В ту ночь, при выключенном свете, Энтони лежал без сна в залитой лунным светом прохладной комнате и перебирал в памяти каждую минуту минувшего дня. Как ребенок, который играет по очереди с долгожданными игрушками, полученными в подарок на Рождество. Целуя Глорию, он нежно прошептал, что любит ее. Девушка улыбнулась и, прижавшись теснее, глядя Энтони в глаза, тихо ответила: «Я счастлива». В ее отношении к Энтони произошла перемена, усилилось физическое влечение, которое выражалось в необычной эмоциональной напряженности. Достаточно, чтобы при одном воспоминании об этом руки сжимались сами собой, а дыхание в груди замирало. Никогда прежде не возникало между ними такой близости, и в порыве неописуемого восторга Энтони громко крикнул на всю комнату о своей любви к Глории.

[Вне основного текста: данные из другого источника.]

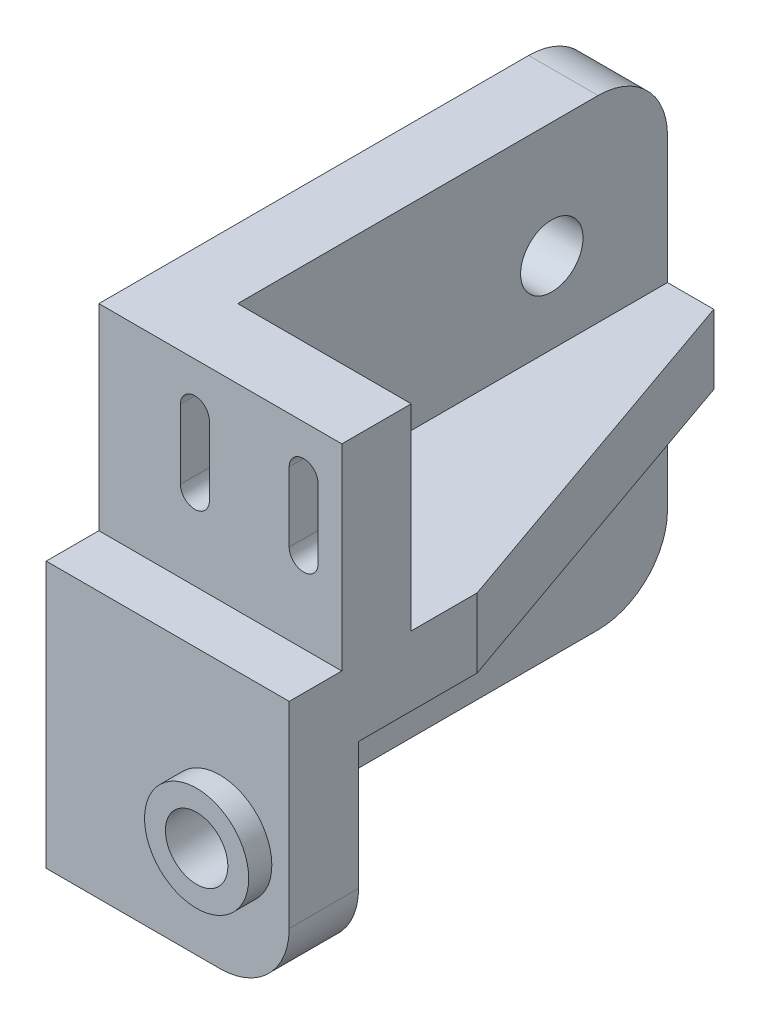
ISO-10303-21;
HEADER;
FILE_DESCRIPTION(('STEP AP214'),'2;1');
FILE_NAME('part.step','',(''),(''),'','','');
FILE_SCHEMA(('AUTOMOTIVE_DESIGN { 1 0 10303 214 1 1 1 1 }'));
ENDSEC;
DATA;
#1=APPLICATION_CONTEXT('core data for automotive mechanical design processes');
#2=APPLICATION_PROTOCOL_DEFINITION('international standard','automotive_design',2000,#1);
#3=PRODUCT_CONTEXT('',#1,'mechanical');
#4=PRODUCT('Part','Part','',(#3));
#5=PRODUCT_RELATED_PRODUCT_CATEGORY('part','',(#4));
#6=PRODUCT_DEFINITION_FORMATION('','',#4);
#7=PRODUCT_DEFINITION_CONTEXT('part definition',#1,'design');
#8=PRODUCT_DEFINITION('design','',#6,#7);
#9=PRODUCT_DEFINITION_SHAPE('','',#8);
#10=(LENGTH_UNIT() NAMED_UNIT(*) SI_UNIT(.MILLI.,.METRE.));
#11=(NAMED_UNIT(*) PLANE_ANGLE_UNIT() SI_UNIT($,.RADIAN.));
#12=(NAMED_UNIT(*) SI_UNIT($,.STERADIAN.) SOLID_ANGLE_UNIT());
#13=UNCERTAINTY_MEASURE_WITH_UNIT(LENGTH_MEASURE(1.E-05),#10,'distance_accuracy_value','');
#14=(GEOMETRIC_REPRESENTATION_CONTEXT(3) GLOBAL_UNCERTAINTY_ASSIGNED_CONTEXT((#13)) GLOBAL_UNIT_ASSIGNED_CONTEXT((#10,
#11,#12)) REPRESENTATION_CONTEXT('',''));
#15=CARTESIAN_POINT('',(0.,0.,0.));
#16=DIRECTION('',(0.,0.,1.));
#17=DIRECTION('',(1.,0.,0.));
#18=AXIS2_PLACEMENT_3D('',#15,#16,#17);
#19=CARTESIAN_POINT('',(6.,0.,0.));
#20=DIRECTION('',(0.,0.,1.));
#21=DIRECTION('',(1.,0.,0.));
#22=AXIS2_PLACEMENT_3D('',#19,#20,#21);
#23=PLANE('',#22);
#24=CARTESIAN_POINT('',(17.7,36.,0.));
#25=DIRECTION('',(0.,0.,1.));
#26=DIRECTION('',(1.,0.,0.));
#27=AXIS2_PLACEMENT_3D('',#24,#25,#26);
#28=CIRCLE('',#27,1.25);
#29=CARTESIAN_POINT('',(18.95,36.,0.));
#30=VERTEX_POINT('',#29);
#31=CARTESIAN_POINT('',(16.45,36.,0.));
#32=VERTEX_POINT('',#31);
#33=EDGE_CURVE('E228',#30,#32,#28,.T.);
#34=ORIENTED_EDGE('',*,*,#33,.F.);
#35=DIRECTION('',(0.,1.,0.));
#36=VECTOR('',#35,1.);
#37=CARTESIAN_POINT('',(18.95,36.,0.));
#38=LINE('',#37,#36);
#39=CARTESIAN_POINT('',(18.95,30.,0.));
#40=VERTEX_POINT('',#39);
#41=EDGE_CURVE('E232',#40,#30,#38,.T.);
#42=ORIENTED_EDGE('',*,*,#41,.F.);
#43=CARTESIAN_POINT('',(17.7,30.,0.));
#44=DIRECTION('',(0.,0.,1.));
#45=DIRECTION('',(1.,0.,0.));
#46=AXIS2_PLACEMENT_3D('',#43,#44,#45);
#47=CIRCLE('',#46,1.25);
#48=CARTESIAN_POINT('',(16.45,30.,0.));
#49=VERTEX_POINT('',#48);
#50=EDGE_CURVE('E210',#49,#40,#47,.T.);
#51=ORIENTED_EDGE('',*,*,#50,.F.);
#52=DIRECTION('',(0.,-1.,0.));
#53=VECTOR('',#52,1.);
#54=CARTESIAN_POINT('',(16.45,36.,0.));
#55=LINE('',#54,#53);
#56=EDGE_CURVE('E222',#32,#49,#55,.T.);
#57=ORIENTED_EDGE('',*,*,#56,.F.);
#58=EDGE_LOOP('',(#34,#42,#51,#57));
#59=FACE_BOUND('',#58,.T.);
#60=CARTESIAN_POINT('',(8.3,35.9999999999999,0.));
#61=DIRECTION('',(0.,0.,1.));
#62=DIRECTION('',(1.,0.,0.));
#63=AXIS2_PLACEMENT_3D('',#60,#61,#62);
#64=CIRCLE('',#63,1.25);
#65=CARTESIAN_POINT('',(9.55,35.9999999999999,0.));
#66=VERTEX_POINT('',#65);
#67=CARTESIAN_POINT('',(7.05,35.9999999999999,0.));
#68=VERTEX_POINT('',#67);
#69=EDGE_CURVE('E247',#66,#68,#64,.T.);
#70=ORIENTED_EDGE('',*,*,#69,.F.);
#71=DIRECTION('',(0.,1.,0.));
#72=VECTOR('',#71,1.);
#73=CARTESIAN_POINT('',(9.55,35.9999999999999,0.));
#74=LINE('',#73,#72);
#75=CARTESIAN_POINT('',(9.55,29.9999999999999,0.));
#76=VERTEX_POINT('',#75);
#77=EDGE_CURVE('E258',#76,#66,#74,.T.);
#78=ORIENTED_EDGE('',*,*,#77,.F.);
#79=CARTESIAN_POINT('',(8.3,29.9999999999999,0.));
#80=DIRECTION('',(0.,0.,1.));
#81=DIRECTION('',(1.,0.,0.));
#82=AXIS2_PLACEMENT_3D('',#79,#80,#81);
#83=CIRCLE('',#82,1.25);
#84=CARTESIAN_POINT('',(7.05,29.9999999999999,0.));
#85=VERTEX_POINT('',#84);
#86=EDGE_CURVE('E254',#85,#76,#83,.T.);
#87=ORIENTED_EDGE('',*,*,#86,.F.);
#88=DIRECTION('',(0.,-1.,0.));
#89=VECTOR('',#88,1.);
#90=CARTESIAN_POINT('',(7.05,35.9999999999999,0.));
#91=LINE('',#90,#89);
#92=EDGE_CURVE('E250',#68,#85,#91,.T.);
#93=ORIENTED_EDGE('',*,*,#92,.F.);
#94=EDGE_LOOP('',(#70,#78,#87,#93));
#95=FACE_BOUND('',#94,.T.);
#96=DIRECTION('',(0.,1.,0.));
#97=VECTOR('',#96,1.);
#98=CARTESIAN_POINT('',(0.,0.,0.));
#99=LINE('',#98,#97);
#100=CARTESIAN_POINT('',(0.,23.,0.));
#101=VERTEX_POINT('',#100);
#102=CARTESIAN_POINT('',(0.,40.,0.));
#103=VERTEX_POINT('',#102);
#104=EDGE_CURVE('E387',#101,#103,#99,.T.);
#105=ORIENTED_EDGE('',*,*,#104,.F.);
#106=DIRECTION('',(-1.,0.,0.));
#107=VECTOR('',#106,1.);
#108=CARTESIAN_POINT('',(21.,23.,0.));
#109=LINE('',#108,#107);
#110=CARTESIAN_POINT('',(21.,23.,0.));
#111=VERTEX_POINT('',#110);
#112=EDGE_CURVE('E346',#111,#101,#109,.T.);
#113=ORIENTED_EDGE('',*,*,#112,.F.);
#114=DIRECTION('',(0.,-1.,0.));
#115=VECTOR('',#114,1.);
#116=CARTESIAN_POINT('',(21.,40.,0.));
#117=LINE('',#116,#115);
#118=CARTESIAN_POINT('',(21.,40.,0.));
#119=VERTEX_POINT('',#118);
#120=EDGE_CURVE('E331',#119,#111,#117,.T.);
#121=ORIENTED_EDGE('',*,*,#120,.F.);
#122=DIRECTION('',(-1.,0.,0.));
#123=VECTOR('',#122,1.);
#124=CARTESIAN_POINT('',(6.,40.,0.));
#125=LINE('',#124,#123);
#126=EDGE_CURVE('E400',#119,#103,#125,.T.);
#127=ORIENTED_EDGE('',*,*,#126,.T.);
#128=EDGE_LOOP('',(#105,#113,#121,#127));
#129=FACE_BOUND('',#128,.T.);
#130=ADVANCED_FACE('F41',(#59,#95,#129),#23,.T.);
#131=CARTESIAN_POINT('',(6.,0.,0.));
#132=DIRECTION('',(-1.,0.,0.));
#133=DIRECTION('',(0.,0.,1.));
#134=AXIS2_PLACEMENT_3D('',#131,#132,#133);
#135=PLANE('',#134);
#136=CARTESIAN_POINT('',(6.,10.,-33.15));
#137=DIRECTION('',(-1.,0.,0.));
#138=DIRECTION('',(0.,0.,1.));
#139=AXIS2_PLACEMENT_3D('',#136,#137,#138);
#140=CIRCLE('',#139,2.7);
#141=CARTESIAN_POINT('',(6.,10.,-30.45));
#142=VERTEX_POINT('',#141);
#143=EDGE_CURVE('E304',#142,#142,#140,.T.);
#144=ORIENTED_EDGE('',*,*,#143,.T.);
#145=EDGE_LOOP('',(#144));
#146=FACE_BOUND('',#145,.T.);
#147=DIRECTION('',(0.,0.,-1.));
#148=VECTOR('',#147,1.);
#149=CARTESIAN_POINT('',(6.,0.,0.));
#150=LINE('',#149,#148);
#151=CARTESIAN_POINT('',(6.,0.,-1.45));
#152=VERTEX_POINT('',#151);
#153=CARTESIAN_POINT('',(6.,0.,-37.15));
#154=VERTEX_POINT('',#153);
#155=EDGE_CURVE('E397',#152,#154,#150,.T.);
#156=ORIENTED_EDGE('',*,*,#155,.T.);
#157=CARTESIAN_POINT('',(6.,6.,-37.15));
#158=DIRECTION('',(-1.,0.,0.));
#159=DIRECTION('',(0.,0.,1.));
#160=AXIS2_PLACEMENT_3D('',#157,#158,#159);
#161=CIRCLE('',#160,6.);
#162=CARTESIAN_POINT('',(6.,6.,-43.15));
#163=VERTEX_POINT('',#162);
#164=EDGE_CURVE('E11',#154,#163,#161,.F.);
#165=ORIENTED_EDGE('',*,*,#164,.T.);
#166=DIRECTION('',(0.,1.,0.));
#167=VECTOR('',#166,1.);
#168=CARTESIAN_POINT('',(6.,0.,-43.15));
#169=LINE('',#168,#167);
#170=CARTESIAN_POINT('',(6.,17.,-43.15));
#171=VERTEX_POINT('',#170);
#172=EDGE_CURVE('E394',#163,#171,#169,.T.);
#173=ORIENTED_EDGE('',*,*,#172,.T.);
#174=DIRECTION('',(0.,0.,-1.));
#175=VECTOR('',#174,1.);
#176=CARTESIAN_POINT('',(6.,17.,0.));
#177=LINE('',#176,#175);
#178=CARTESIAN_POINT('',(6.,17.,-1.45));
#179=VERTEX_POINT('',#178);
#180=EDGE_CURVE('E380',#179,#171,#177,.T.);
#181=ORIENTED_EDGE('',*,*,#180,.F.);
#182=DIRECTION('',(0.,1.,0.));
#183=VECTOR('',#182,1.);
#184=CARTESIAN_POINT('',(6.,0.,-1.45));
#185=LINE('',#184,#183);
#186=EDGE_CURVE('E384',#152,#179,#185,.T.);
#187=ORIENTED_EDGE('',*,*,#186,.F.);
#188=EDGE_LOOP('',(#156,#165,#173,#181,#187));
#189=FACE_BOUND('',#188,.T.);
#190=ADVANCED_FACE('F539',(#146,#189),#135,.F.);
#191=CARTESIAN_POINT('',(6.,30.,-33.15));
#192=DIRECTION('',(-1.,0.,0.));
#193=DIRECTION('',(0.,0.,1.));
#194=AXIS2_PLACEMENT_3D('',#191,#192,#193);
#195=CIRCLE('',#194,2.69999999999999);
#196=CARTESIAN_POINT('',(6.,30.,-30.45));
#197=VERTEX_POINT('',#196);
#198=EDGE_CURVE('E296',#197,#197,#195,.T.);
#199=ORIENTED_EDGE('',*,*,#198,.T.);
#200=EDGE_LOOP('',(#199));
#201=FACE_BOUND('',#200,.T.);
#202=CARTESIAN_POINT('',(6.,23.,-43.15));
#203=VERTEX_POINT('',#202);
#204=CARTESIAN_POINT('',(6.,34.,-43.15));
#205=VERTEX_POINT('',#204);
#206=EDGE_CURVE('E392',#203,#205,#169,.T.);
#207=ORIENTED_EDGE('',*,*,#206,.T.);
#208=CARTESIAN_POINT('',(6.,34.,-37.15));
#209=DIRECTION('',(-1.,0.,0.));
#210=DIRECTION('',(0.,0.,1.));
#211=AXIS2_PLACEMENT_3D('',#208,#209,#210);
#212=CIRCLE('',#211,6.);
#213=CARTESIAN_POINT('',(6.,40.,-37.15));
#214=VERTEX_POINT('',#213);
#215=EDGE_CURVE('E484',#205,#214,#212,.F.);
#216=ORIENTED_EDGE('',*,*,#215,.T.);
#217=DIRECTION('',(0.,0.,-1.));
#218=VECTOR('',#217,1.);
#219=CARTESIAN_POINT('',(6.,40.,0.));
#220=LINE('',#219,#218);
#221=CARTESIAN_POINT('',(6.,40.,-6.));
#222=VERTEX_POINT('',#221);
#223=EDGE_CURVE('E388',#222,#214,#220,.T.);
#224=ORIENTED_EDGE('',*,*,#223,.F.);
#225=DIRECTION('',(0.,1.,0.));
#226=VECTOR('',#225,1.);
#227=CARTESIAN_POINT('',(6.,0.,-6.));
#228=LINE('',#227,#226);
#229=CARTESIAN_POINT('',(6.,23.,-6.));
#230=VERTEX_POINT('',#229);
#231=EDGE_CURVE('E374',#230,#222,#228,.T.);
#232=ORIENTED_EDGE('',*,*,#231,.F.);
#233=DIRECTION('',(0.,0.,1.));
#234=VECTOR('',#233,1.);
#235=CARTESIAN_POINT('',(6.,23.,0.));
#236=LINE('',#235,#234);
#237=EDGE_CURVE('E377',#203,#230,#236,.T.);
#238=ORIENTED_EDGE('',*,*,#237,.F.);
#239=EDGE_LOOP('',(#207,#216,#224,#232,#238));
#240=FACE_BOUND('',#239,.T.);
#241=ADVANCED_FACE('F491',(#201,#240),#135,.F.);
#242=CARTESIAN_POINT('',(6.,0.,0.));
#243=DIRECTION('',(0.,1.,0.));
#244=DIRECTION('',(0.,0.,1.));
#245=AXIS2_PLACEMENT_3D('',#242,#243,#244);
#246=PLANE('',#245);
#247=DIRECTION('',(0.,0.,-1.));
#248=VECTOR('',#247,1.);
#249=CARTESIAN_POINT('',(0.,0.,0.));
#250=LINE('',#249,#248);
#251=CARTESIAN_POINT('',(0.,0.,4.55));
#252=VERTEX_POINT('',#251);
#253=CARTESIAN_POINT('',(0.,0.,-37.15));
#254=VERTEX_POINT('',#253);
#255=EDGE_CURVE('E393',#252,#254,#250,.T.);
#256=ORIENTED_EDGE('',*,*,#255,.T.);
#257=DIRECTION('',(-1.,0.,0.));
#258=VECTOR('',#257,1.);
#259=CARTESIAN_POINT('',(6.,0.,-37.15));
#260=LINE('',#259,#258);
#261=EDGE_CURVE('E50',#254,#154,#260,.F.);
#262=ORIENTED_EDGE('',*,*,#261,.T.);
#263=ORIENTED_EDGE('',*,*,#155,.F.);
#264=DIRECTION('',(-1.,0.,0.));
#265=VECTOR('',#264,1.);
#266=CARTESIAN_POINT('',(21.,0.,-1.45));
#267=LINE('',#266,#265);
#268=CARTESIAN_POINT('',(15.,0.,-1.45));
#269=VERTEX_POINT('',#268);
#270=EDGE_CURVE('E368',#269,#152,#267,.T.);
#271=ORIENTED_EDGE('',*,*,#270,.F.);
#272=DIRECTION('',(0.,0.,-1.));
#273=VECTOR('',#272,1.);
#274=CARTESIAN_POINT('',(15.,0.,4.55));
#275=LINE('',#274,#273);
#276=CARTESIAN_POINT('',(15.,0.,4.55));
#277=VERTEX_POINT('',#276);
#278=EDGE_CURVE('E462',#269,#277,#275,.F.);
#279=ORIENTED_EDGE('',*,*,#278,.T.);
#280=DIRECTION('',(-1.,0.,0.));
#281=VECTOR('',#280,1.);
#282=CARTESIAN_POINT('',(21.,0.,4.55));
#283=LINE('',#282,#281);
#284=EDGE_CURVE('E371',#277,#252,#283,.T.);
#285=ORIENTED_EDGE('',*,*,#284,.T.);
#286=EDGE_LOOP('',(#256,#262,#263,#271,#279,#285));
#287=FACE_BOUND('',#286,.T.);
#288=ADVANCED_FACE('F545',(#287),#246,.F.);
#289=CARTESIAN_POINT('',(6.,0.,-43.15));
#290=DIRECTION('',(0.,0.,1.));
#291=DIRECTION('',(1.,0.,0.));
#292=AXIS2_PLACEMENT_3D('',#289,#290,#291);
#293=PLANE('',#292);
#294=DIRECTION('',(0.,1.,0.));
#295=VECTOR('',#294,1.);
#296=CARTESIAN_POINT('',(0.,0.,-43.15));
#297=LINE('',#296,#295);
#298=CARTESIAN_POINT('',(0.,6.,-43.15));
#299=VERTEX_POINT('',#298);
#300=CARTESIAN_POINT('',(0.,34.,-43.15));
#301=VERTEX_POINT('',#300);
#302=EDGE_CURVE('E407',#299,#301,#297,.T.);
#303=ORIENTED_EDGE('',*,*,#302,.T.);
#304=DIRECTION('',(-1.,0.,0.));
#305=VECTOR('',#304,1.);
#306=CARTESIAN_POINT('',(6.,34.,-43.15));
#307=LINE('',#306,#305);
#308=EDGE_CURVE('E64',#301,#205,#307,.F.);
#309=ORIENTED_EDGE('',*,*,#308,.T.);
#310=ORIENTED_EDGE('',*,*,#206,.F.);
#311=DIRECTION('',(-1.,0.,0.));
#312=VECTOR('',#311,1.);
#313=CARTESIAN_POINT('',(21.,23.,-43.15));
#314=LINE('',#313,#312);
#315=CARTESIAN_POINT('',(9.99999999999999,23.,-43.15));
#316=VERTEX_POINT('',#315);
#317=EDGE_CURVE('E357',#316,#203,#314,.T.);
#318=ORIENTED_EDGE('',*,*,#317,.F.);
#319=DIRECTION('',(0.,-1.,0.));
#320=VECTOR('',#319,1.);
#321=CARTESIAN_POINT('',(9.99999999999999,17.,-43.15));
#322=LINE('',#321,#320);
#323=CARTESIAN_POINT('',(9.99999999999999,17.,-43.15));
#324=VERTEX_POINT('',#323);
#325=EDGE_CURVE('E422',#316,#324,#322,.T.);
#326=ORIENTED_EDGE('',*,*,#325,.T.);
#327=DIRECTION('',(-1.,0.,0.));
#328=VECTOR('',#327,1.);
#329=CARTESIAN_POINT('',(21.,17.,-43.15));
#330=LINE('',#329,#328);
#331=EDGE_CURVE('E360',#324,#171,#330,.T.);
#332=ORIENTED_EDGE('',*,*,#331,.T.);
#333=ORIENTED_EDGE('',*,*,#172,.F.);
#334=DIRECTION('',(-1.,0.,0.));
#335=VECTOR('',#334,1.);
#336=CARTESIAN_POINT('',(6.,6.,-43.15));
#337=LINE('',#336,#335);
#338=EDGE_CURVE('E478',#163,#299,#337,.T.);
#339=ORIENTED_EDGE('',*,*,#338,.T.);
#340=EDGE_LOOP('',(#303,#309,#310,#318,#326,#332,#333,#339));
#341=FACE_BOUND('',#340,.T.);
#342=ADVANCED_FACE('F522',(#341),#293,.F.);
#343=CARTESIAN_POINT('',(6.,40.,0.));
#344=DIRECTION('',(0.,1.,0.));
#345=DIRECTION('',(0.,0.,1.));
#346=AXIS2_PLACEMENT_3D('',#343,#344,#345);
#347=PLANE('',#346);
#348=ORIENTED_EDGE('',*,*,#223,.T.);
#349=DIRECTION('',(-1.,0.,0.));
#350=VECTOR('',#349,1.);
#351=CARTESIAN_POINT('',(0.,40.,-37.15));
#352=LINE('',#351,#350);
#353=CARTESIAN_POINT('',(0.,40.,-37.15));
#354=VERTEX_POINT('',#353);
#355=EDGE_CURVE('E468',#214,#354,#352,.T.);
#356=ORIENTED_EDGE('',*,*,#355,.T.);
#357=DIRECTION('',(0.,0.,-1.));
#358=VECTOR('',#357,1.);
#359=CARTESIAN_POINT('',(0.,40.,0.));
#360=LINE('',#359,#358);
#361=EDGE_CURVE('E403',#103,#354,#360,.T.);
#362=ORIENTED_EDGE('',*,*,#361,.F.);
#363=ORIENTED_EDGE('',*,*,#126,.F.);
#364=DIRECTION('',(0.,0.,1.));
#365=VECTOR('',#364,1.);
#366=CARTESIAN_POINT('',(21.,40.,0.));
#367=LINE('',#366,#365);
#368=CARTESIAN_POINT('',(21.,40.,-6.));
#369=VERTEX_POINT('',#368);
#370=EDGE_CURVE('E327',#369,#119,#367,.T.);
#371=ORIENTED_EDGE('',*,*,#370,.F.);
#372=DIRECTION('',(-1.,0.,0.));
#373=VECTOR('',#372,1.);
#374=CARTESIAN_POINT('',(21.,40.,-6.));
#375=LINE('',#374,#373);
#376=EDGE_CURVE('E349',#369,#222,#375,.T.);
#377=ORIENTED_EDGE('',*,*,#376,.T.);
#378=EDGE_LOOP('',(#348,#356,#362,#363,#371,#377));
#379=FACE_BOUND('',#378,.T.);
#380=ADVANCED_FACE('F500',(#379),#347,.T.);
#381=CARTESIAN_POINT('',(0.,0.,0.));
#382=DIRECTION('',(-1.,0.,0.));
#383=DIRECTION('',(0.,0.,1.));
#384=AXIS2_PLACEMENT_3D('',#381,#382,#383);
#385=PLANE('',#384);
#386=CARTESIAN_POINT('',(0.,30.,-33.15));
#387=DIRECTION('',(-1.,0.,0.));
#388=DIRECTION('',(0.,0.,1.));
#389=AXIS2_PLACEMENT_3D('',#386,#387,#388);
#390=CIRCLE('',#389,2.69999999999999);
#391=CARTESIAN_POINT('',(0.,30.,-30.45));
#392=VERTEX_POINT('',#391);
#393=EDGE_CURVE('E286',#392,#392,#390,.T.);
#394=ORIENTED_EDGE('',*,*,#393,.F.);
#395=EDGE_LOOP('',(#394));
#396=FACE_BOUND('',#395,.T.);
#397=CARTESIAN_POINT('',(0.,10.,-33.15));
#398=DIRECTION('',(-1.,0.,0.));
#399=DIRECTION('',(0.,0.,1.));
#400=AXIS2_PLACEMENT_3D('',#397,#398,#399);
#401=CIRCLE('',#400,2.7);
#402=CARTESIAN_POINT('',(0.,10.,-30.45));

На следующее утро он позвонил, на сей раз не испытывая ни колебаний, ни неуверенности, только пьянящее возбуждение, которое лишь усилилось при звуках ее голоса.
– Доброе утро, Глория.
– Доброе утро.
– Звоню, чтобы просто пожелать тебе доброго утра… дорогая.
– Рада, что ты позвонил.
– Так хочется тебя увидеть!
– Увидишь завтра вечером.
– Долго ждать, верно?
– Да, – неохотно откликнулась она.
Энтони крепче сжал в руке трубку.
– А можно мне прийти сегодня вечером? – Он был готов на все в блаженном предвкушении почти сказанного в ответ «да».
– У меня свидание.
– Вот как…
– Но я могла бы… пожалуй, его можно отменить.
– О! – задыхаясь от восторга, воскликнул Энтони. – Глория?
– Что?
– Я люблю тебя!
После недолгого молчания из трубки донеслось:
– Я… я счастлива.
Счастье, как однажды заметил Мори Ноубл, длится всего лишь в течение первого часа после избавления от особо тяжкого страдания. Но надо было видеть лицо Энтони, когда он шел в тот вечер по коридору десятого этажа отеля «Плаза»! Его темные глаза сияли, а решительные линии возле рта представляли собой отрадное зрелище. Он был красив, как никогда, благодаря одному из бессмертных моментов, являющихся людям в лучах такого яркого света, что воспоминаний о нем хватает на долгие годы.